BOOKS: How The World Works

BOTH FANS AND FOES OF HENRY Kissinger, whose ranks rival each other in fervor, have long agreed on one thing: he is brilliant at analyzing national interests and balances of power. If only he would step back from his corporate consulting and fashion-set socializing, they say, he might produce the grand tome that secures his place alongside George Kennan among the great diplomatic thinkers of our century.

Now he has, and it will. In Diplomacy (Simon & Schuster; 912 pages; $35), a sweeping portrayal of historical forces that begins with Cardinal Richelieu and ends with the challenges facing the world today, Kissinger makes the most forceful case by any American statesman since Theodore Roosevelt for the role of realism and its Prussian-accented cousin realpolitik in international affairs. Just as Kennan's odd admixture of romanticism and realism helped shape American attitudes at the outset of the cold war, Kissinger's emphasis on national interests rather than moral sentiments defines a framework for ^ dealing with the multipolar world now emerging. He has produced one of those rare books that are both exciting to read and destined to be a classic of their genre.

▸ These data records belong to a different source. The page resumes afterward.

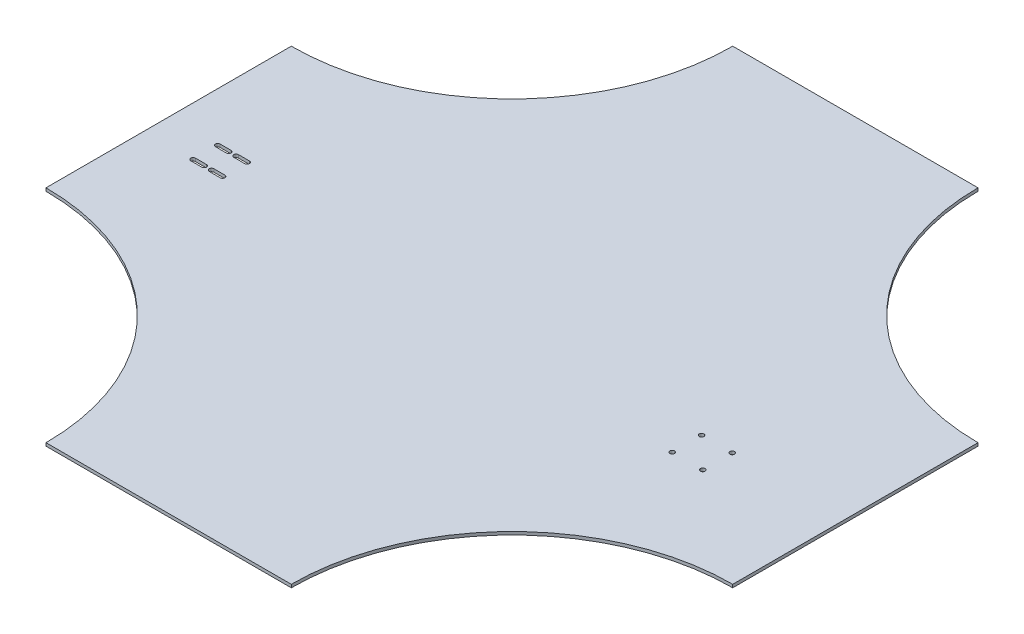
SolidWorks part; units mm, degrees
material "6061 Alloy"
ref_plane "Front Plane" through (0, 0, 0) normal (0, 0, 1) x (1, 0, 0)
ref_plane "Top Plane" through (0, 0, 0) normal (0, 1, 0) x (1, 0, 0)
ref_plane "Right Plane" through (0, 0, 0) normal (1, 0, 0) x (0, 0, -1)
sketch "Sketch1" plane through (0, 0, 0) normal (0, 1, 0) x (1, 0, 0)
  line L9 (-127, -355.6) -> (127, -355.6)
  line L10 (-355.6, -127) -> (-355.6, 127)
  line L11 (-127, 355.6) -> (127, 355.6)
  line L12 (355.6, -127) -> (355.6, 127)
  line L13 (-193.9554, -193.9554) -> (193.9554, 193.9554) construction
  line L14 (-193.9554, 193.9554) -> (193.9554, -193.9554) construction
  arc A8 (-355.6, 127) -> (-127, 355.6) centre (-355.6, 355.6) ccw
  arc A9 (127, 355.6) -> (355.6, 127) centre (355.6, 355.6) ccw
  arc A10 (355.6, -127) -> (127, -355.6) centre (355.6, -355.6) ccw
  arc A11 (-127, -355.6) -> (-355.6, -127) centre (-355.6, -355.6) ccw
  point P0 (0, 0)
  point P1 (0, 0)
  point P2 (0, 0)
  dimension "D3" = 457.2
  dimension "D4" = 457.2
  dimension "D5" = 457.2
  dimension "D6" = 457.2
  dimension "D1" = 711.2
  dimension "D2" = 711.2
extrude "Boss-Extrude1" add sketch "Sketch1" along normal blind 3.175
sketch "Sketch2" plane through (0, 3.175, 0) normal (0, 1, 0) x (1, 0, 0)
  line L0 (-304.8, 2.413) -> (-293.37, 2.413)
  line L1 (-304.8, -22.987) -> (-293.37, -22.987)
  line L2 (-293.37, -2.413) -> (-304.8, -2.413)
  line L3 (-285.75, -2.413) -> (-274.32, -2.413)
  line L4 (-285.75, -22.987) -> (-274.32, -22.987)
  line L5 (-274.32, 2.413) -> (-285.75, 2.413)
  line L6 (-293.37, -27.813) -> (-304.8, -27.813)
  line L7 (-355.6, 127) -> (-355.6, -127) construction
  line L8 (-274.32, -27.813) -> (-285.75, -27.813)
  arc A0 (-293.37, -2.413) -> (-293.37, 2.413) centre (-293.37, 0) ccw
  arc A1 (-274.32, -2.413) -> (-274.32, 2.413) centre (-274.32, 0) ccw
  arc A2 (-274.32, -27.813) -> (-274.32, -22.987) centre (-274.32, -25.4) ccw
  arc A3 (-293.37, -27.813) -> (-293.37, -22.987) centre (-293.37, -25.4) ccw
  arc A4 (-285.75, 2.413) -> (-285.75, -2.413) centre (-285.75, 0) ccw
  arc A5 (-304.8, 2.413) -> (-304.8, -2.413) centre (-304.8, 0) ccw
  arc A6 (-304.8, -22.987) -> (-304.8, -27.813) centre (-304.8, -25.4) ccw
  arc A7 (-285.75, -22.987) -> (-285.75, -27.813) centre (-285.75, -25.4) ccw
  dimension "D1" = 4.826
  dimension "D2" = 4.826
  dimension "D3" = 4.826
  dimension "D4" = 4.826
  dimension "D5" = 4.826
  dimension "D6" = 4.826
  dimension "D7" = 4.826
  dimension "D8" = 4.826
  dimension "D9" = 11.43
  dimension "D10" = 11.43
  dimension "D11" = 11.43
  dimension "D12" = 11.43
  dimension "D13" = 19.05
  dimension "D14" = 19.05
  dimension "D15" = 25.4
  dimension "D16" = 25.4
  dimension "D17" = 0
  dimension "D18" = 50.8
extrude "Cut-Extrude1" cut sketch "Sketch2" against normal through all both and the other way through all
sketch "Sketch4" plane through (0, 3.175, 0) normal (0, 1, 0) x (1, 0, 0)
  circle A0 centre (237.49, -9.4302) radius 2.413
  circle A1 centre (205.74, -9.4302) radius 2.413
  circle A2 centre (237.49, -39.9102) radius 2.413
  circle A3 centre (205.74, -39.9102) radius 2.413
extrude "Cut-Extrude2" cut sketch "Sketch4" against normal through all

I should make it clear that I come to this book as an interested party. Two years ago, I wrote a biography of Kissinger, for the same publisher, which many of his detractors, and some of his putative friends, said pulled too many punches, and which his fervent defenders (himself among them) decried as too harsh. My conclusion was that Kissinger had a remarkable feel for the interplay of national interests but that he failed to appreciate the strength America derives from the openness of its democratic system. His strategic and tactical brilliance made possible the U.S.'s rapprochement with China, but his secretive style and disdain for the moralism that undergirds America's sense of mission led to a backlash from both the left and the right against detente with the Soviet Union. Diplomacy reaffirms both my respect for his brilliance as an analyst and my reservations about the low priority he places on the values that have made American democracy such a powerful international force.

The world, Kissinger writes, is entering an era when many states of comparable strength will compete and cooperate based on shifting national interests. America has never felt comfortable with such balance-of-power arrangements. So to understand what lessons history may hold for this new order, Kissinger maintains, we should study the diplomatic dances that began in Europe 350 years ago -- a topic that, perhaps not coincidentally, is Kissinger's area of academic expertise.

Cardinal Richelieu, the First Minister of France at the time, developed the concept of national interest while working to prevent the revival of the Holy Roman Empire, which he deemed a threat to France's security even though both were Catholic. No longer were national interests to be equated with religious or moral goals. During the 18th century, balance-of-power diplomacy was perfected by England, an island state with a security interest in preserving equilibrium on the European continent.